What the task asks
From the listing below, set down exactly the lines between the one holding "SolidWorks assembly gazebo_box, configuration" and the one holding "- 2020_180mm-3: 2020_180mm", inclusive. No other line is wanted.

————

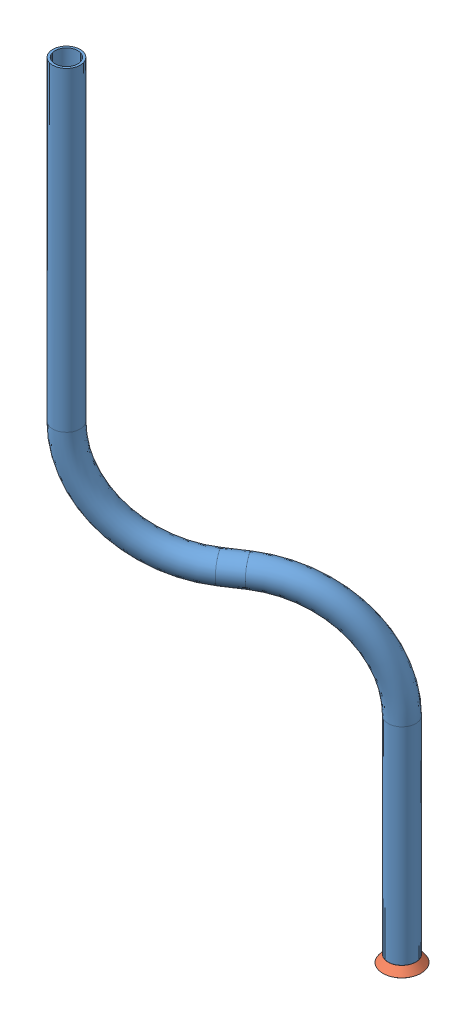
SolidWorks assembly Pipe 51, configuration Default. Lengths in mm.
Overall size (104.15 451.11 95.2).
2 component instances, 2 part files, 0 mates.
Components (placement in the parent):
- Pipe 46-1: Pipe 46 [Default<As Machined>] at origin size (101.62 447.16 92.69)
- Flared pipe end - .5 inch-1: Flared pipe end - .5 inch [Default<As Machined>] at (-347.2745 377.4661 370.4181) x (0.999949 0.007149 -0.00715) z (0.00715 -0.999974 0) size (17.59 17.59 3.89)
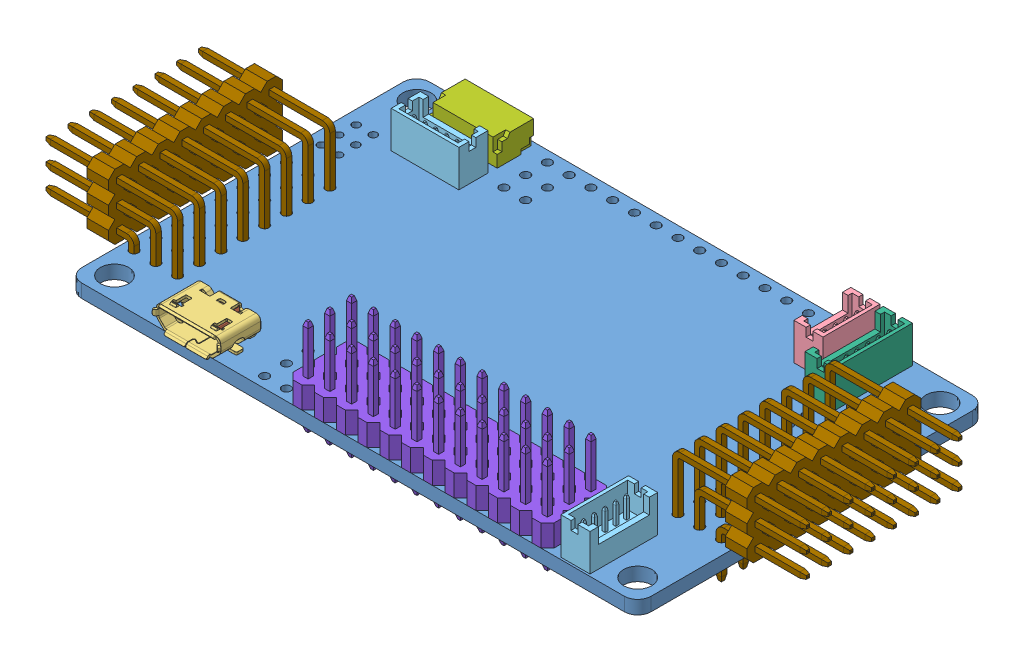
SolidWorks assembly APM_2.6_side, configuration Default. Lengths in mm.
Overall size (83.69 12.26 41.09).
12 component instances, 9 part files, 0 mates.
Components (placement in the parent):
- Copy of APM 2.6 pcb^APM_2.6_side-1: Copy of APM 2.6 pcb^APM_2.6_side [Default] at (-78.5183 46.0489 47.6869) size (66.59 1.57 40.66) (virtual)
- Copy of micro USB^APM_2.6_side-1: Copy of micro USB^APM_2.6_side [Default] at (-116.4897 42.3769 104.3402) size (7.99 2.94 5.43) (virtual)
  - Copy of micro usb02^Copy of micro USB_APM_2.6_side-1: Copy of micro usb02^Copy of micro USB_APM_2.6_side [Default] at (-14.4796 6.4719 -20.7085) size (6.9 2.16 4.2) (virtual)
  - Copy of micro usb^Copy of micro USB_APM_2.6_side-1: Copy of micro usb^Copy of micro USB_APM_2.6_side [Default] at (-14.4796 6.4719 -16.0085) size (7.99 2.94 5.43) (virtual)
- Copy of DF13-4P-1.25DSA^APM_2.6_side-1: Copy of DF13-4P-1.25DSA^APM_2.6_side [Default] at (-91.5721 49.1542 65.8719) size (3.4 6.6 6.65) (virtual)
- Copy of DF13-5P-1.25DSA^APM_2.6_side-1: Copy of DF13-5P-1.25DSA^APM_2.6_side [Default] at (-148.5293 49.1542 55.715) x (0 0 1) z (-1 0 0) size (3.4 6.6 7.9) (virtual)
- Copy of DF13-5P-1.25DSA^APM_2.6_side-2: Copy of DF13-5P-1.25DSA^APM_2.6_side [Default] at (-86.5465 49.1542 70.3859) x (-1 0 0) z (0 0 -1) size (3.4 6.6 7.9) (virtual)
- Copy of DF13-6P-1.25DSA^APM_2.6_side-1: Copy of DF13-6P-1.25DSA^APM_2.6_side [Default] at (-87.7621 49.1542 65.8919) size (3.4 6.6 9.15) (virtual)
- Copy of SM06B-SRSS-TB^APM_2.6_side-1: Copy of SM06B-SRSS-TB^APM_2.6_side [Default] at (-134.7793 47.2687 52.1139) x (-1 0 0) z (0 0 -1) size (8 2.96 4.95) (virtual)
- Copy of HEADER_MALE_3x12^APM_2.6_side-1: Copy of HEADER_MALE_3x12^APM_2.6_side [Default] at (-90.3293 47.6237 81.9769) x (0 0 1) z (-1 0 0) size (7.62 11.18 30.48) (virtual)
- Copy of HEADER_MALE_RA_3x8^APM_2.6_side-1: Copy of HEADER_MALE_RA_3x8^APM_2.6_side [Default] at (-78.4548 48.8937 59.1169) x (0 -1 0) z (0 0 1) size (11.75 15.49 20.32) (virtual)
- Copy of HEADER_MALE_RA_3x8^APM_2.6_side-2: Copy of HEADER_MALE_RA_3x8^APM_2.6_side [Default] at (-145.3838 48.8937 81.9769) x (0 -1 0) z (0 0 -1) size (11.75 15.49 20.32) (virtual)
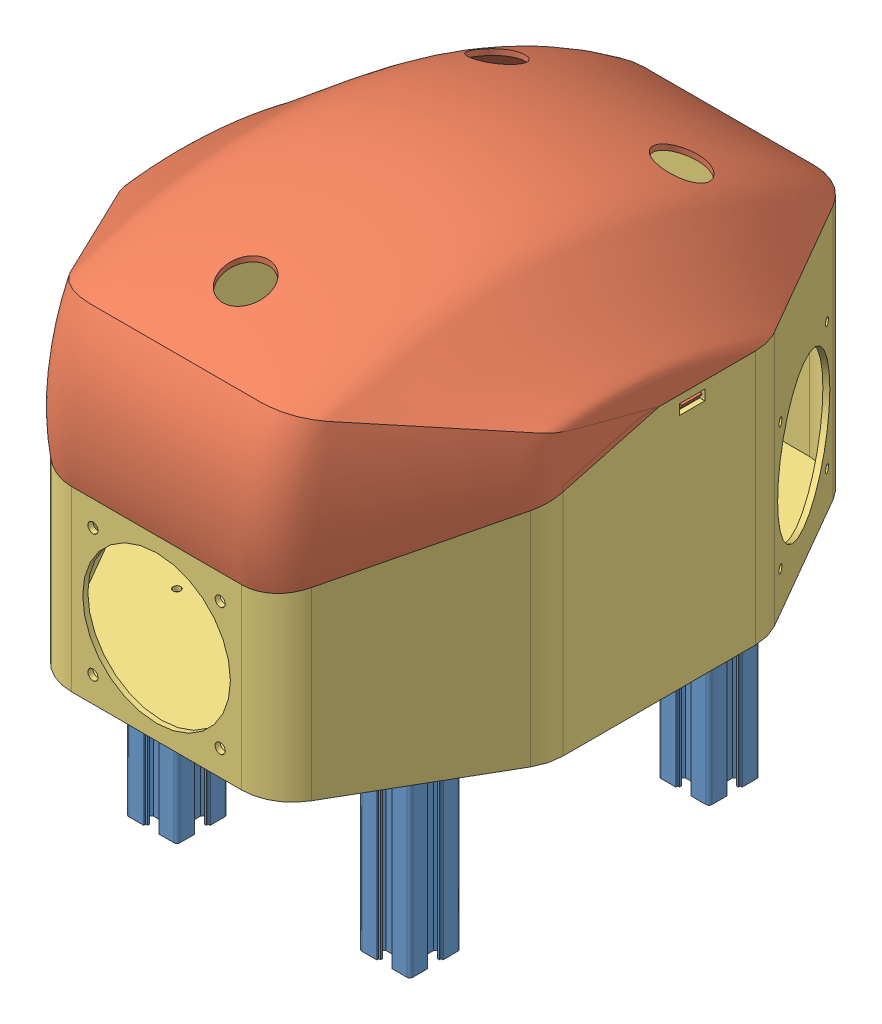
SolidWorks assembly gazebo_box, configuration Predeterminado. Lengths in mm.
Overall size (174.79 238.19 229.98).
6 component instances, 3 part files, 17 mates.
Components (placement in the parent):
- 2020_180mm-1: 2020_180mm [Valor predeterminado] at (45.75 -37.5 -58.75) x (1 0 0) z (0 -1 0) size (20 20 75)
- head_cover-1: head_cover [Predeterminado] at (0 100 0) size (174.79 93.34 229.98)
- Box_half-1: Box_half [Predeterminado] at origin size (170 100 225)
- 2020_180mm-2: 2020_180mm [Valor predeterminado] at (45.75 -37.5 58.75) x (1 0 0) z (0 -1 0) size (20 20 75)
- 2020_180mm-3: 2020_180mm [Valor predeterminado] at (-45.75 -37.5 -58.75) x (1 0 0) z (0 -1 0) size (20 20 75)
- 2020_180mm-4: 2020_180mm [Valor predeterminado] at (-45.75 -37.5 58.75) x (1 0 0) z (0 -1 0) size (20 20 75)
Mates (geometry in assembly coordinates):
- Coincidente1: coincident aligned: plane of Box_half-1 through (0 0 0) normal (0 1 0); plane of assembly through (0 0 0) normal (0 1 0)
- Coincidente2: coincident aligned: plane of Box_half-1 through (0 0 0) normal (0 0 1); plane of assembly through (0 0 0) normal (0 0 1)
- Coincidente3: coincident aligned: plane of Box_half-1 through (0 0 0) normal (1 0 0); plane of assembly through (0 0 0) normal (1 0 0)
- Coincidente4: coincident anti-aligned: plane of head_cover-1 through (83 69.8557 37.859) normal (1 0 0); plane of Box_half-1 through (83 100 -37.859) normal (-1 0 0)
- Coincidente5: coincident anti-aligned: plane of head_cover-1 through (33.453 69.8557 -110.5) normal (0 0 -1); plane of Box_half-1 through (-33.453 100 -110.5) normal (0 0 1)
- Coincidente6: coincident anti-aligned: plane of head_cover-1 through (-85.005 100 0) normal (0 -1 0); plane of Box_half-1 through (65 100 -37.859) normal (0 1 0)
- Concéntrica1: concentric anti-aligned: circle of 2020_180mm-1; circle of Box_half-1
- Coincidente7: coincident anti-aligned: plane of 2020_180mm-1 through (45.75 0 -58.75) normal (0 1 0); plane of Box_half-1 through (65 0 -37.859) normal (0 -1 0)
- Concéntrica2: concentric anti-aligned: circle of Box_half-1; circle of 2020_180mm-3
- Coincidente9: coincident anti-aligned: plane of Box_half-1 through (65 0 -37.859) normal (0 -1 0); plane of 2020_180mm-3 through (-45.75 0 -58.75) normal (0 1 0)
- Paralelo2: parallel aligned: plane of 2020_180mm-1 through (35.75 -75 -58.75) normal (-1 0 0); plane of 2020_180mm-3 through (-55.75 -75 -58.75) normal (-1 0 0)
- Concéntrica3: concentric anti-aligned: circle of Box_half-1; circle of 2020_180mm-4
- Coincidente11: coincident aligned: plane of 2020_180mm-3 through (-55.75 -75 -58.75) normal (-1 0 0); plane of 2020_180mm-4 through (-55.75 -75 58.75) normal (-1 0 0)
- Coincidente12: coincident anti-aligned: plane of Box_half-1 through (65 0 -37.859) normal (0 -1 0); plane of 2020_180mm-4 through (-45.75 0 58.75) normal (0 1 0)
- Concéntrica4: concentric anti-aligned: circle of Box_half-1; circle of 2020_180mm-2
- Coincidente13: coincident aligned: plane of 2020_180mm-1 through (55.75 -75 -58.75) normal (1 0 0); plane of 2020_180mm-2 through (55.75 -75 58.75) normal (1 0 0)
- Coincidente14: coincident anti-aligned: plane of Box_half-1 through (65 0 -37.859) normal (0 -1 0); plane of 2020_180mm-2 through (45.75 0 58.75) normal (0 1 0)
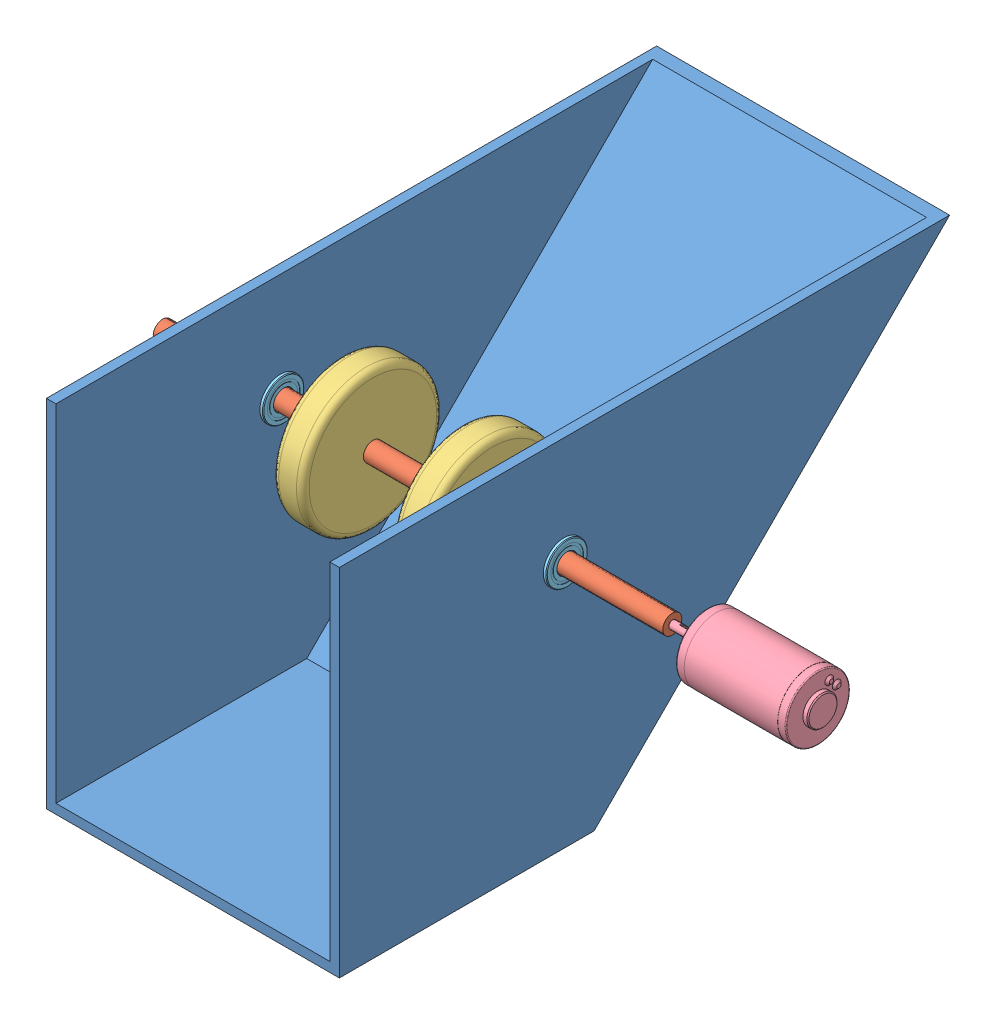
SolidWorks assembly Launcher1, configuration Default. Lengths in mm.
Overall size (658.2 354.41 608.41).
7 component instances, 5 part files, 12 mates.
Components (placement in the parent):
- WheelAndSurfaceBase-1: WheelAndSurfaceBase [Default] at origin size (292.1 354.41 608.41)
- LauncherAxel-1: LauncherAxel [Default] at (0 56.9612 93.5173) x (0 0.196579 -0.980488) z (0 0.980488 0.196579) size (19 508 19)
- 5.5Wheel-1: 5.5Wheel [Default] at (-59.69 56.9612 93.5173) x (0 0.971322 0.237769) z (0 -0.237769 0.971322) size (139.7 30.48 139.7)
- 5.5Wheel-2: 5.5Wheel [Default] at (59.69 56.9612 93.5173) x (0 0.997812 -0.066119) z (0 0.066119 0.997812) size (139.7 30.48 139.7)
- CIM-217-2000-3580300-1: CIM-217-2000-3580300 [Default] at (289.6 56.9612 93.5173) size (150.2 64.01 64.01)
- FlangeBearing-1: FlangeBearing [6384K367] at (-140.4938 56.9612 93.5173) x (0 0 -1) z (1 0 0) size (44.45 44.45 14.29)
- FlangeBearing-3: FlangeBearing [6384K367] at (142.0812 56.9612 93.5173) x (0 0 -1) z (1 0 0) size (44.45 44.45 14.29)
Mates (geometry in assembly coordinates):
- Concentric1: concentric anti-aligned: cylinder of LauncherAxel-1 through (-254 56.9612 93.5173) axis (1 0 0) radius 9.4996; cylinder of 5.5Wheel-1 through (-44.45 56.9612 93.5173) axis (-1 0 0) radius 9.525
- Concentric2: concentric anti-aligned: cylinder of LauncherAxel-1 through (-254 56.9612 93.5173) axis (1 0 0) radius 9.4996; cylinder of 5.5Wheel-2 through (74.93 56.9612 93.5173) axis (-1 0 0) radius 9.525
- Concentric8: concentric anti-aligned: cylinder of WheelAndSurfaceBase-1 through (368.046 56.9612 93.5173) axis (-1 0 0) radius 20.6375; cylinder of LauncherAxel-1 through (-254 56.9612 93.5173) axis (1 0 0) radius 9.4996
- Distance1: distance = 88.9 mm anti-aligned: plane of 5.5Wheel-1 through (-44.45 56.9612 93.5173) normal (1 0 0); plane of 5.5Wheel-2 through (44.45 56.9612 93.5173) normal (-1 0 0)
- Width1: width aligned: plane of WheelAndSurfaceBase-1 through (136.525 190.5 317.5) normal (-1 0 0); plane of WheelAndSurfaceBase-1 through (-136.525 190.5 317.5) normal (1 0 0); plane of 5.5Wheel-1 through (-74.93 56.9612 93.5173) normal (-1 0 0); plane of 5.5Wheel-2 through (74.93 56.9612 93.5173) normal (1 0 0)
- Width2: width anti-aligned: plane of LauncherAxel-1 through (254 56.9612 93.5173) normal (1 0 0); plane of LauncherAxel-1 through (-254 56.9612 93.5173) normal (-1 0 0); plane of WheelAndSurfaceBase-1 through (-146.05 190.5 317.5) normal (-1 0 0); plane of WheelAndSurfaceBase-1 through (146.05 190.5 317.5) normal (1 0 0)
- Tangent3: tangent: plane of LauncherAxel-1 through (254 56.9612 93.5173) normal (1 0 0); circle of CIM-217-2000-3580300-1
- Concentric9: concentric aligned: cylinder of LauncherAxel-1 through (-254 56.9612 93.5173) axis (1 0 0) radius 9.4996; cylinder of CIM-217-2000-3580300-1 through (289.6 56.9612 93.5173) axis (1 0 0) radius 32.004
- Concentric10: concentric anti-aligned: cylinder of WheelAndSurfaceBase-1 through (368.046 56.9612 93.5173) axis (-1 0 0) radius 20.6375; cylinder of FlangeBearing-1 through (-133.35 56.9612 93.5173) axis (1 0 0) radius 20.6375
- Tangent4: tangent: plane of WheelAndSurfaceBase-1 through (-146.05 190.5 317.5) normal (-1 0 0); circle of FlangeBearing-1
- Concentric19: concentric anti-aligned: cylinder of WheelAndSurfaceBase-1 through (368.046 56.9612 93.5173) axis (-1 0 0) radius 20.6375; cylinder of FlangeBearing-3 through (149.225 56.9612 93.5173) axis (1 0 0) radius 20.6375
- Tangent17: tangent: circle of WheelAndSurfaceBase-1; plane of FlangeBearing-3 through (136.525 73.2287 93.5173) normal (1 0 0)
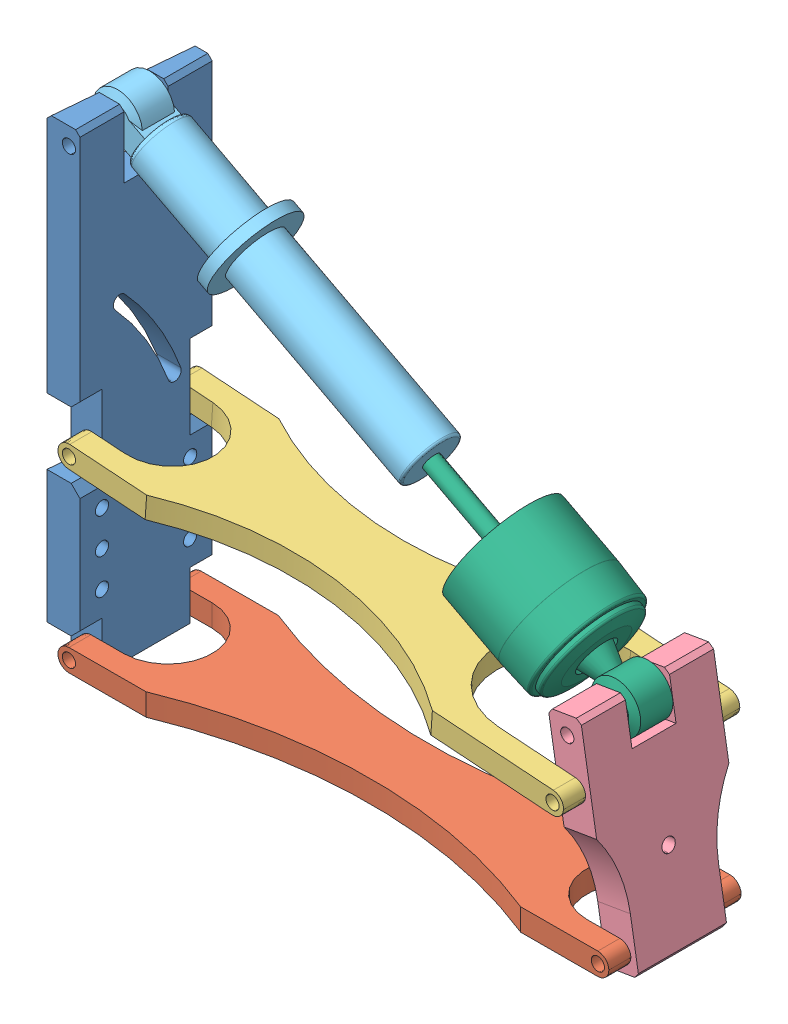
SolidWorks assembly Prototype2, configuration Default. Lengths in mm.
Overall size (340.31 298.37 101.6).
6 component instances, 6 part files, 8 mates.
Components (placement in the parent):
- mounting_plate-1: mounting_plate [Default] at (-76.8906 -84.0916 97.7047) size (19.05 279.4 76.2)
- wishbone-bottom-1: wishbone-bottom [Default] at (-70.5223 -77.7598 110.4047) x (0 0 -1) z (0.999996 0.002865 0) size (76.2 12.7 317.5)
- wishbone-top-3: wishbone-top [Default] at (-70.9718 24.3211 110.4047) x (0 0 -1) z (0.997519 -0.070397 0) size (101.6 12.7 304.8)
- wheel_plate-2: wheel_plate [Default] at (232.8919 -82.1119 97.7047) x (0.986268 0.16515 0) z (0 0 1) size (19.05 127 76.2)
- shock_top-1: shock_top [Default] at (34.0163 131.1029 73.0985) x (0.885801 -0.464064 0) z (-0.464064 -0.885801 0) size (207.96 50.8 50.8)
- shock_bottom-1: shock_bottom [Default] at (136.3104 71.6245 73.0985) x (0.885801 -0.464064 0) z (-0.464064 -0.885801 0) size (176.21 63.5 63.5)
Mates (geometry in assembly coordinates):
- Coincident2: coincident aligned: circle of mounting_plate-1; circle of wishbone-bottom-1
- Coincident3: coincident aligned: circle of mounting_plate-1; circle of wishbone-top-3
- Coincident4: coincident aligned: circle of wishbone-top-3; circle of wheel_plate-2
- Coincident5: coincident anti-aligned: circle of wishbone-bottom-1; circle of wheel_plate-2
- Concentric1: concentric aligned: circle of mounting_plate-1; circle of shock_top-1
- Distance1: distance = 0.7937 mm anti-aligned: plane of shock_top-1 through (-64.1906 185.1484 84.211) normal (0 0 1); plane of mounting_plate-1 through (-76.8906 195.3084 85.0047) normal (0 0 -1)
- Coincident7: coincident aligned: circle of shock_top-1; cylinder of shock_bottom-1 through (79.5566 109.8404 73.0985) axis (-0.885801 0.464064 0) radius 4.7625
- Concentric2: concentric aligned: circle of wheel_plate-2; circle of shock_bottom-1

————

Result for this task
SolidWorks assembly gazebo_box, configuration Predeterminado. Lengths in mm.
Overall size (174.79 238.19 229.98).
6 component instances, 3 part files, 17 mates.
Components (placement in the parent):
- 2020_180mm-1: 2020_180mm [Valor predeterminado] at (45.75 -37.5 -58.75) x (1 0 0) z (0 -1 0) size (20 20 75)
- head_cover-1: head_cover [Predeterminado] at (0 100 0) size (174.79 93.34 229.98)
- Box_half-1: Box_half [Predeterminado] at origin size (170 100 225)
- 2020_180mm-2: 2020_180mm [Valor predeterminado] at (45.75 -37.5 58.75) x (1 0 0) z (0 -1 0) size (20 20 75)
- 2020_180mm-3: 2020_180mm [Valor predeterminado] at (-45.75 -37.5 -58.75) x (1 0 0) z (0 -1 0) size (20 20 75)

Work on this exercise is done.